Let $B$ be a symmetric positive definite matrix in $\mathbb{R}^{k\times k}$ and consider the problem

$$\begin{array}{ll} \text{maximize} & x^\top B x\\ \text{subject to} & \|x\|=1 \\ & b^\top x = a\end{array}$$

where $b$ is an arbitrary unit vector and $a > 0$ is a small positive number. Let $$\lambda_1 > \lambda_2 \geq \cdots \geq \lambda_k > 0$$ be the eigenvalues of $B$ with corresponding eigenvectors $z_1,...,z_k$. I conjecture that the optimal value of the problem is bounded below by $a^2 \lambda_1 + \left(1-a^2\right)\lambda_2$, at least if $a$ is small enough.


To motivate this conjecture, let us consider two special cases.

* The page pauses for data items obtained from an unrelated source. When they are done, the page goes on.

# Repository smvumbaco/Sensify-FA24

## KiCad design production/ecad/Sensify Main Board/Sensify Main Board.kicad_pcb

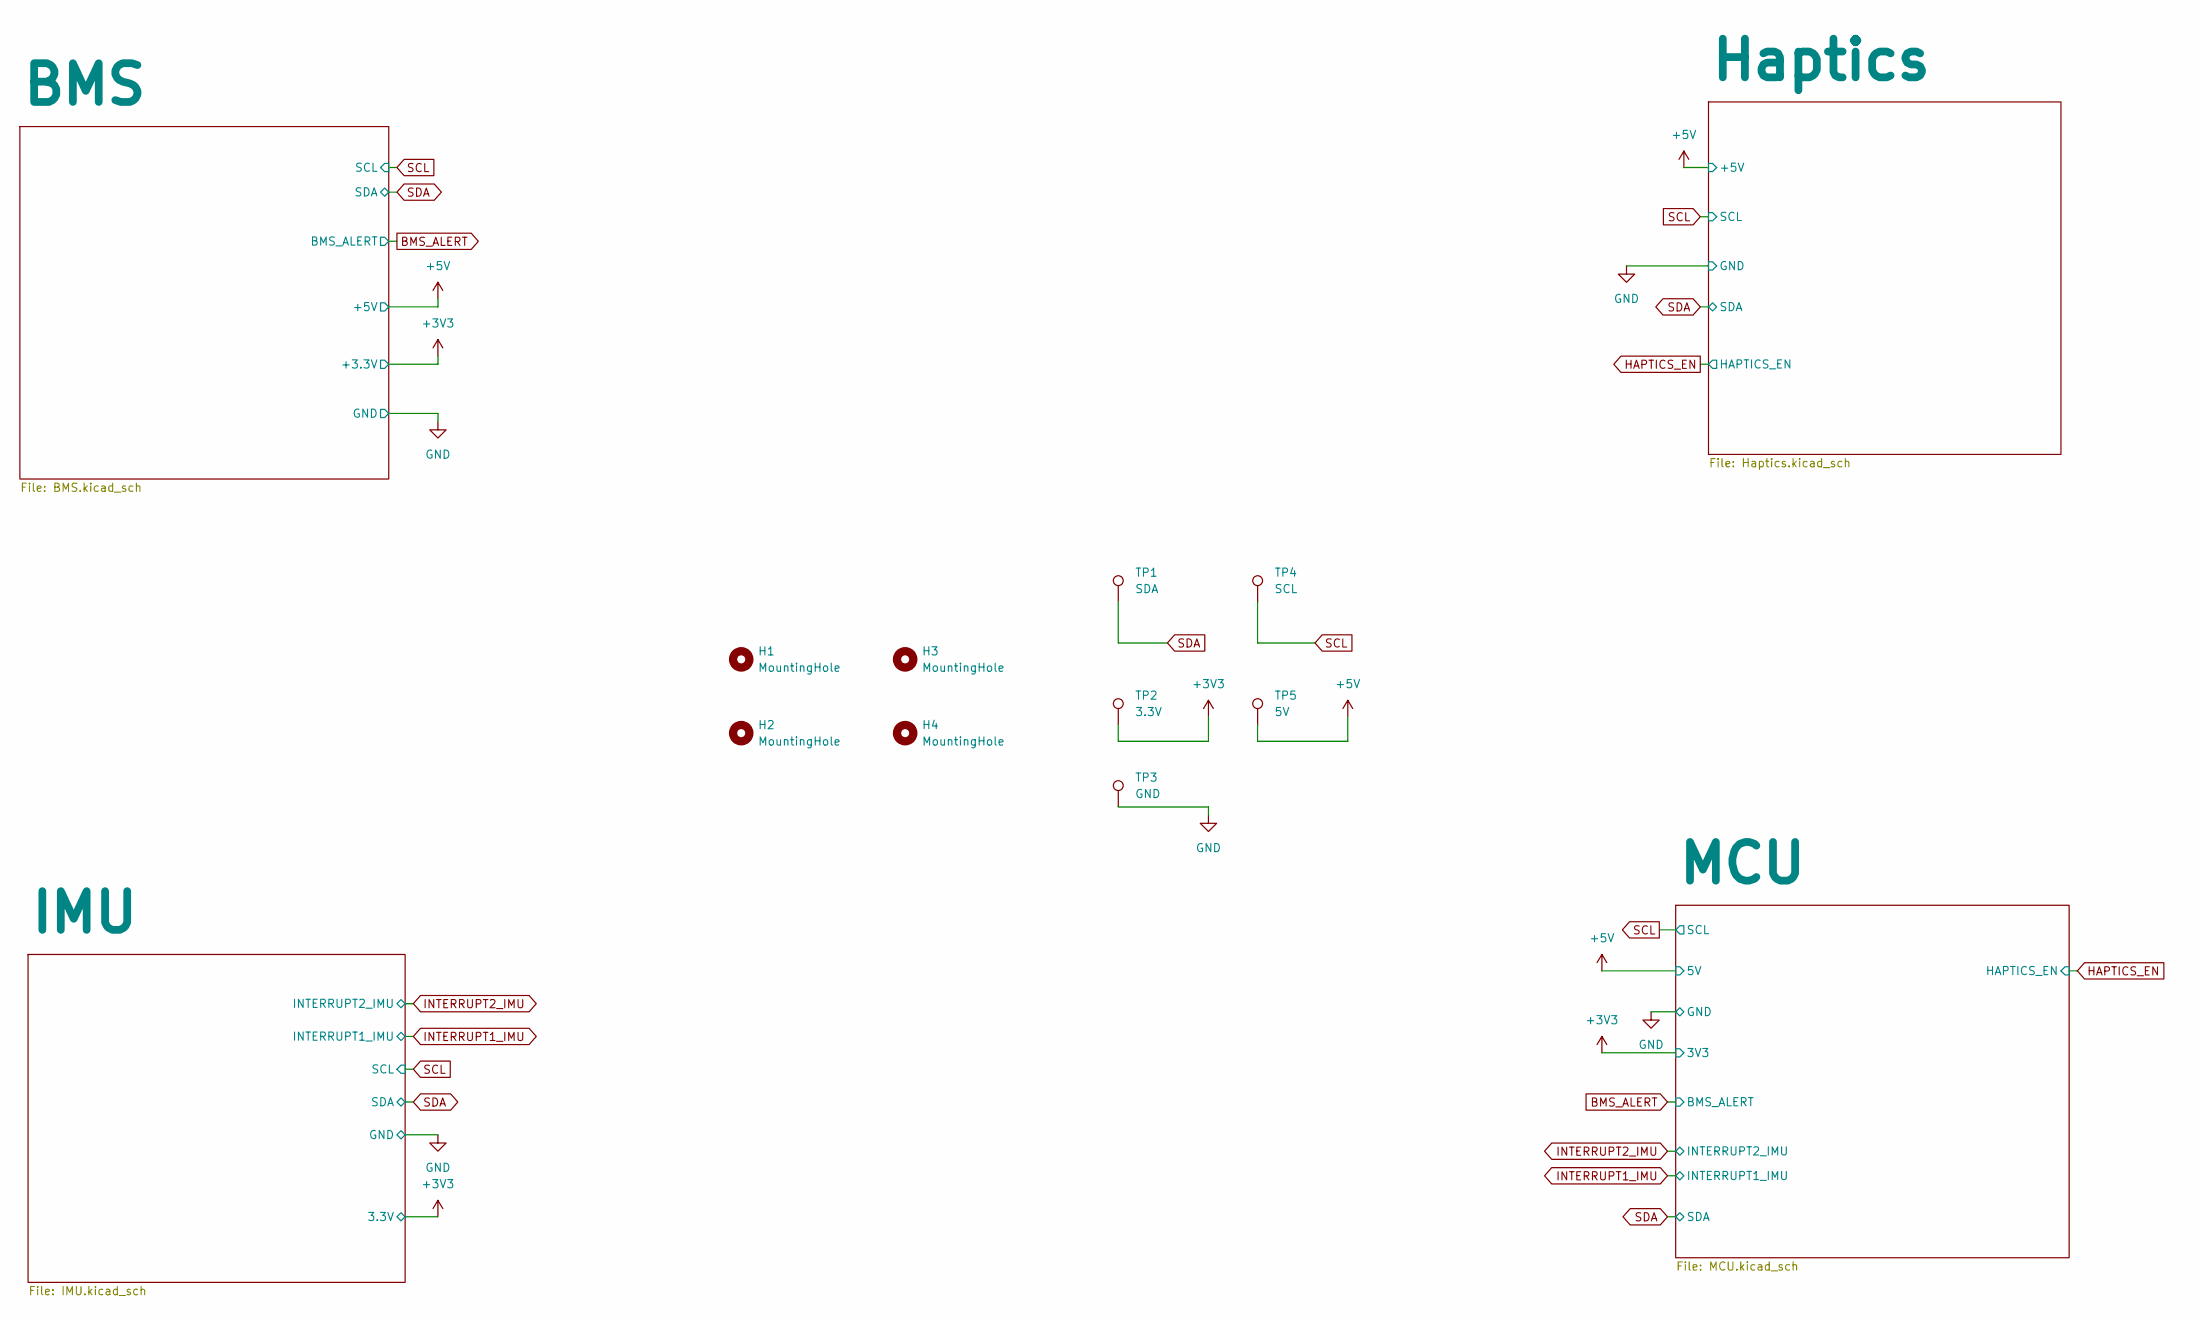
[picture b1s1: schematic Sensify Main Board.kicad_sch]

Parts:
H1, H2, H3, H4: MountingHole; MountingHole_3.2mm_M3
TP1: SDA; TestPoint_Pad_D2.0mm
TP2: 3.3V; TestPoint_Pad_D2.0mm
TP3: GND; TestPoint_Pad_D2.0mm
TP4: SCL; TestPoint_Pad_D2.0mm
TP5: 5V; TestPoint_Pad_D2.0mm

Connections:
+3V3: TP2.1; also elsewhere on the board
+5V: TP5.1; also elsewhere on the board
GND: TP3.1; also elsewhere on the board
SCL: TP4.1; also elsewhere on the board
SDA: TP1.1; also elsewhere on the board

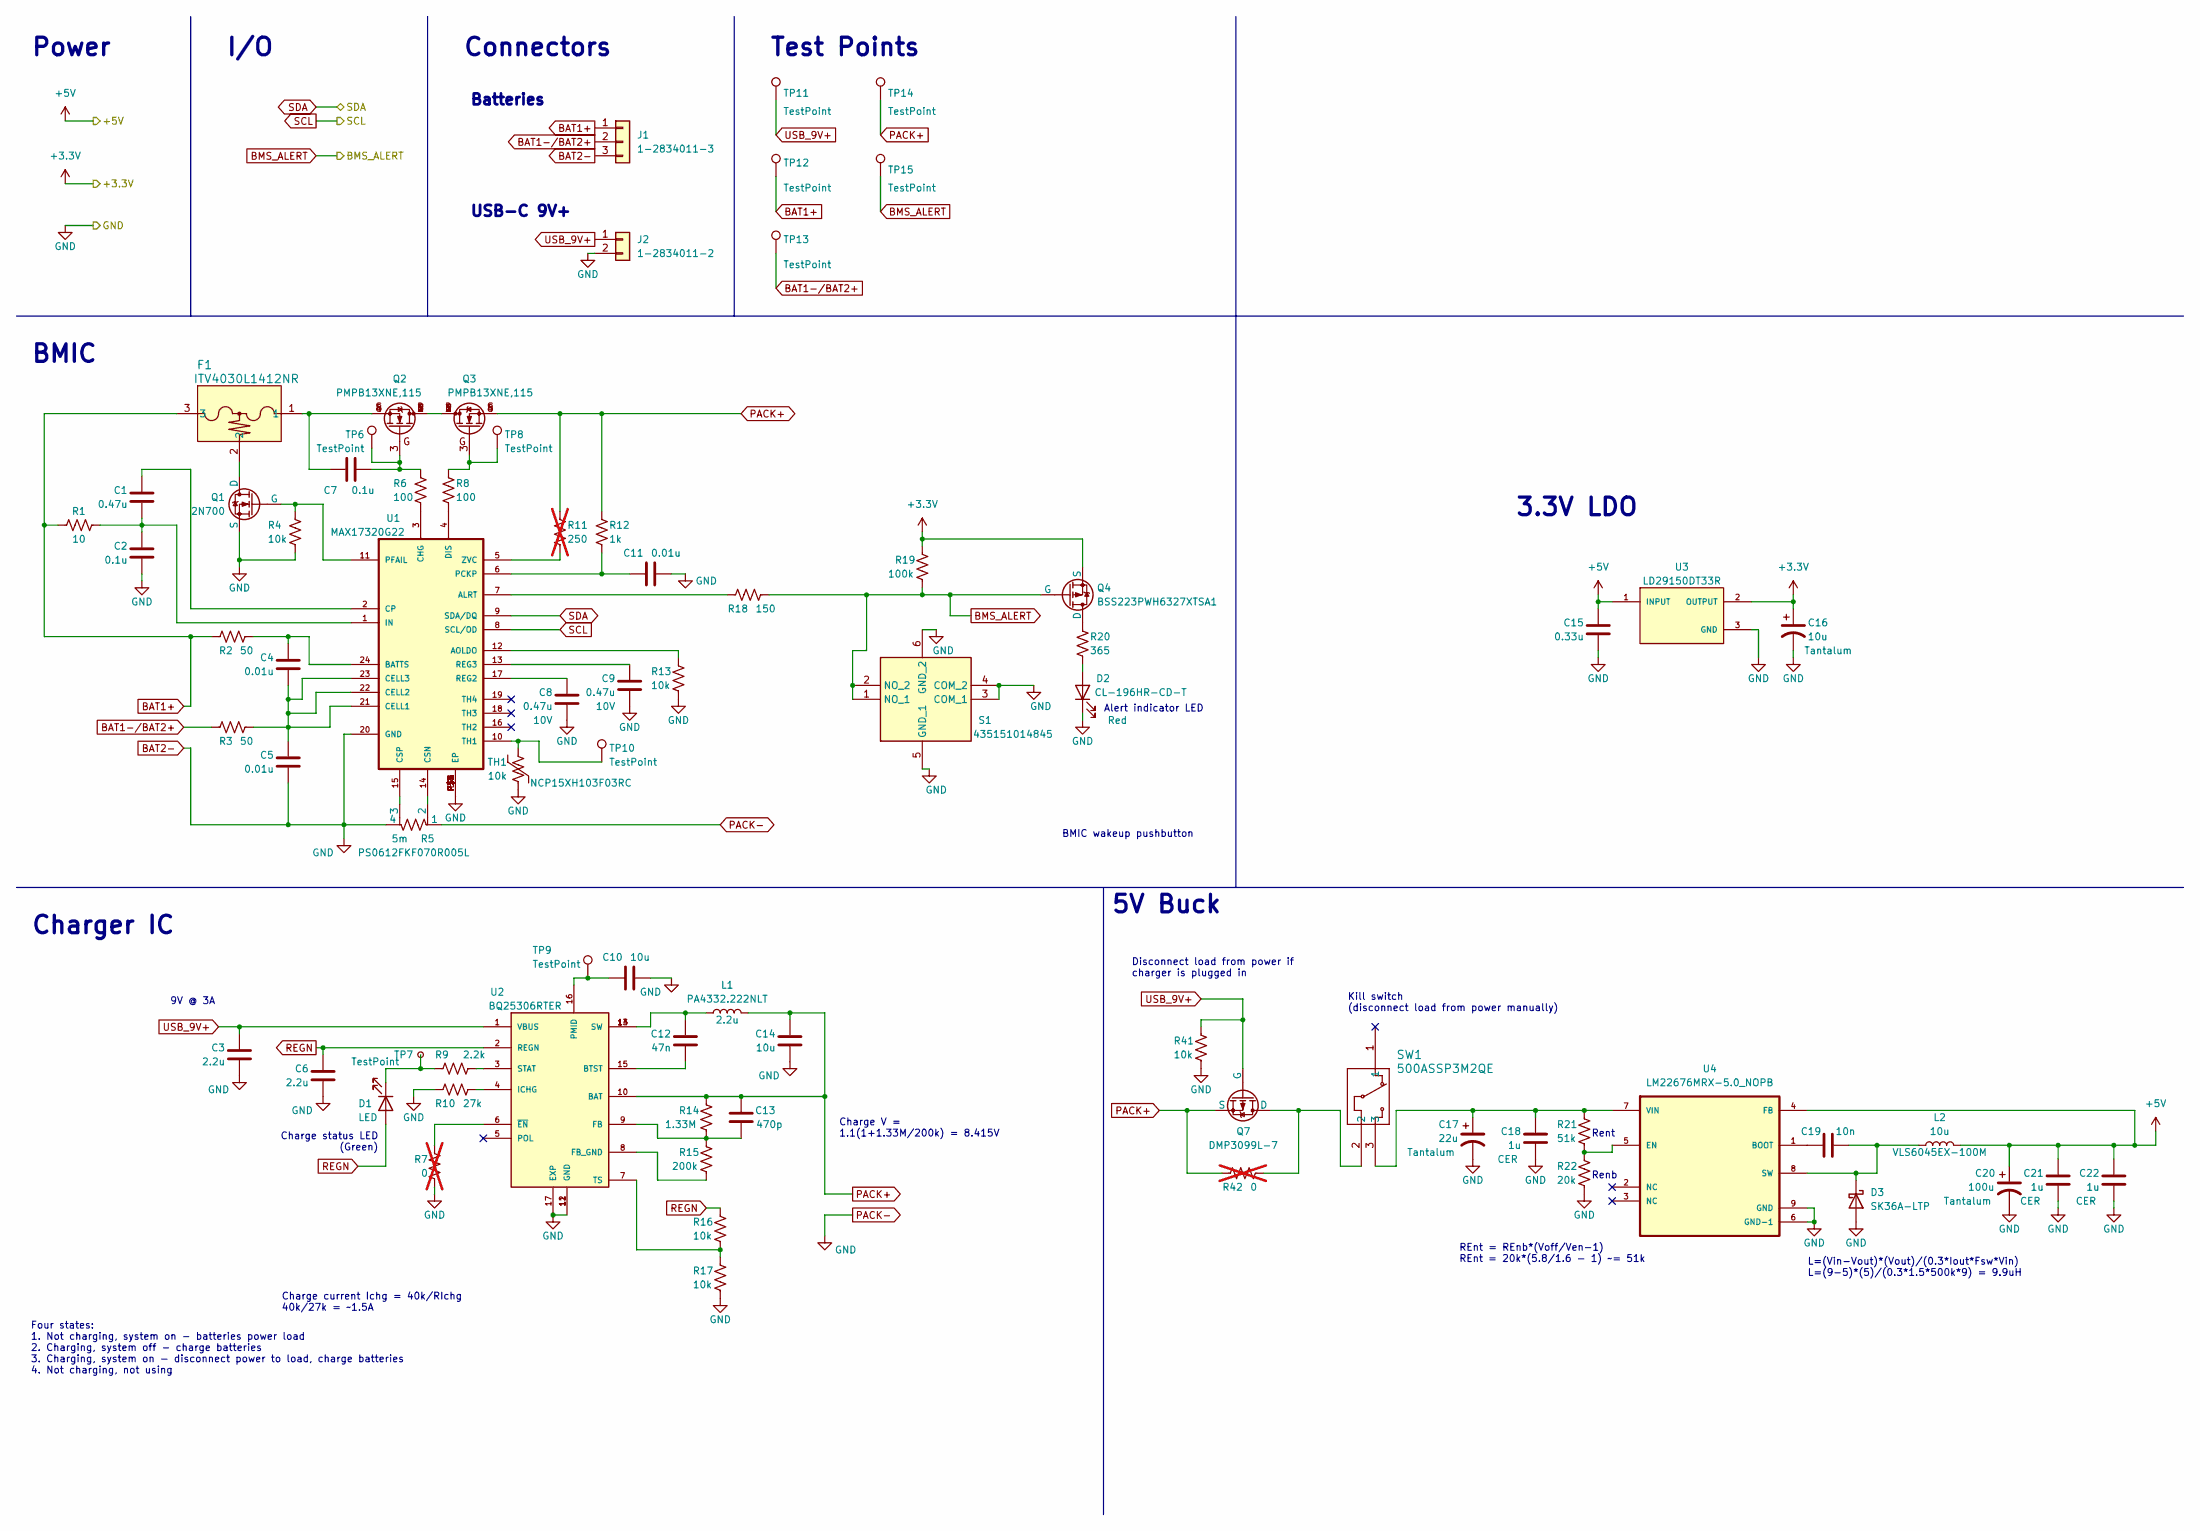
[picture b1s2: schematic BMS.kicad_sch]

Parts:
C1: 0.47u; C_0402_1005Metric_Pad0.74x0.62mm_HandSolder; LCSC C92361
C2, C7: 0.1u; C_0402_1005Metric_Pad0.74x0.62mm_HandSolder; LCSC C1581
C3: 2.2u; C_0603_1608Metric_Pad1.08x0.95mm_HandSolder; LCSC C43922
C4, C5, C11: 0.01u; C_0402_1005Metric_Pad0.74x0.62mm_HandSolder; LCSC C1524
C6: 2.2u; C_0402_1005Metric_Pad0.74x0.62mm_HandSolder; LCSC C72203
C8, C9: 0.47u; C_0402_1005Metric_Pad0.74x0.62mm_HandSolder; Voltage 10V; LCSC C92361
C10, C14: 10u; C_0805_2012Metric_Pad1.18x1.45mm_HandSolder; LCSC C15850
C12: 47n; C_0402_1005Metric_Pad0.74x0.62mm_HandSolder; LCSC C82219
C13: 470p; C_0402_1005Metric_Pad0.74x0.62mm_HandSolder; LCSC C26412
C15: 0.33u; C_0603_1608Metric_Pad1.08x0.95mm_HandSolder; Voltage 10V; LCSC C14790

First, suppose that $a= 0$. Then, as was explained to me in one of my previous posts, the optimal value is between $\lambda_1$ and $\lambda_2$ by the Courant-Fischer theorem. Thus, $\lambda_2$ is a lower bound, and it also coincides with my conjectured lower bound in this special case.

Second, let $a > 0$ but suppose that $b = z_i$ for some $i = 1,...,k$. Any feasible $x$ can be written as

$$x = ab + \sqrt{1-a^2} \cdot \hat{b}$$

where $\hat{b}\perp b$. If $b = z_1$, I can take $\hat{b} = z_2$, and if $b = z_i$ for $i \neq 1$, I can take $\hat{b} = z_1$. Either way, the objective value of $x$ is bounded below by $a^2 \lambda_1 + \left(1-a^2\right)\lambda_2$ as long as $a$ is small enough (note that this requires $\lambda_1 > \lambda_2$).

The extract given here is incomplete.